I don’t think human beings were made to be worshipped. We are here to serve each other and that’s the only way we can keep our sanity. People who give back don’t go crazy. And people who just take and take and take and are worshipped and are just receiving, they lose their minds.

—Scooter Braun

Scooter Braun is a talent manager and entrepreneur. While he is widely known for discovering Justin Bieber, he also manages Kanye West, Ariana Grande, the Black-Eyed Peas, The Knocks, and David

Guetta, among many others. Braun started as a party promoter in Atlanta when he was at Emory University. At the time, his goal was to be a billionaire. After about a month of being in business, he realized that “making five grand was really hard” and that being a billionaire was not reasonable. A day came when he was introduced to a successful older man with a wife, kids, a small boat, a nice

home. Braun asked the man how much he would have to earn over the years to enjoy a similar life. After the man offered an “extremely high but reasonable number,” Braun told himself, “I am going to work to my fifties or sixties” and reach this figure.

At the time, he was twenty years old.

Seven years later, Scooter Braun called his accountant and asked, “How much cash do I have right now after taxes?” The accountant did some checking and cited a figure already higher than the financial goal Braun had set at age twenty. He called his dad to share the good news, and the elder Braun offered congratulations. Then Scooter said, “But, Dad, here’s the problem. I thought when I got here I would be happy.”

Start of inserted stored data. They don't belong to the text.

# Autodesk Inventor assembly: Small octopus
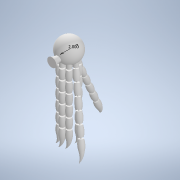
[picture p0: Inventor's stored thumbnail of the model, 180x180]
Saved by Autodesk Inventor 2021 (Build 250183000, 183)
## iProperties
Created: 2020-07-13
Part Number: Small octopus
Document SubType Name: Assembly
Designer: saipr
Author: saipr
## Documents named in this file (3)
- C:\Users\saipr\Desktop\Autodesk 2021\Builds\Parts\Samller Octopus\Small octopus.iam
- C:\Users\saipr\Desktop\Autodesk 2021\Builds\Parts\Samller Octopus\Head.ipt
- C:\Users\saipr\Desktop\Autodesk 2021\Builds\Parts\Samller Octopus\Full Small Tentacle.iam
## Components (9 placed, 2 different names)
1. Head:1 — Mate:1, Mate:2, Mate:3, Mate:4, Mate:5, Mate:6, Mate:7, Mate:8
2. Full Small Tentacle:1 [sub-assembly] — Mate:2
3. Full Small Tentacle:2 [sub-assembly] — Mate:4
4. Full Small Tentacle:3 [sub-assembly] — Mate:5
5. Full Small Tentacle:4 [sub-assembly] — Mate:6
6. Full Small Tentacle:5 [sub-assembly] — Mate:8
7. Full Small Tentacle:6 [sub-assembly] — Mate:1
8. Full Small Tentacle:7 [sub-assembly] — Mate:3
9. Full Small Tentacle:8 [sub-assembly] — Mate:7
## Relationships (8: Mate 8)
- Mate:1: Head:1 ↔ Full Small Tentacle:6
- Mate:2: Head:1 ↔ Full Small Tentacle:1
- Mate:3: Head:1 ↔ Full Small Tentacle:7
- Mate:4: Head:1 ↔ Full Small Tentacle:2
- Mate:5: Head:1 ↔ Full Small Tentacle:3
- Mate:6: Head:1 ↔ Full Small Tentacle:4
- Mate:7: Head:1 ↔ Full Small Tentacle:8
- Mate:8: Head:1 ↔ Full Small Tentacle:5

Thankfully, as Braun put it, his dad gave him the “best advice in the world.” He told his son to hang up the phone, think about when he was last genuinely happy, and call him back. Driving at the time, Braun pulled over, thought about it for a while, then got back on the phone with his dad. “Okay, it’s going to sound crazy,” he began, before sharing times when he last felt genuinely happy: “Just sitting at night and hanging out with my [kids]; when I am playing ball, get hot on the court and hit a couple of threes in a row; when I go to a children’s hospital; when I am answering somebody randomly back on Facebook.” His dad’s response? The older Braun told his son now he was in a position to achieve real success, and went on to describe what this would be: “Success is the freedom to do the things that you actually love. So implement more of those things into your life and you will get happiness. And as you get more money you can implement more and more.”

This led Scooter Braun to the following conclusion: “[As] we get older we get in this place where we have to provide. And we got to go to a job every single day and that’s why we start to get broken down. Because we are taking more and more time away from what actually makes us happy. And then we get to a place where you made some money, and you’re continuing in the rat race, and you’re like, What the hell did I do this for? I want people to have the perspective that you can make a lot of money or not make a lot of money, but that doesn’t define your happiness. Your choice of balance in your life decides your happiness, your choice of how much you want to give to others, the choice of friends and family you want to spend time with. If you make the conscious decision, [you] can implement more of that in your life right now.”

You are here to serve a purpose beyond yourself. To discover what you excel at and enjoy and then apply your energy to help yourself and others live a more fulfilled existence. When you evolve your thoughts, intentions, and actions to discover your true self and apply this philosophy to be emotionally generous, your world will open up in ways you never could have imagined.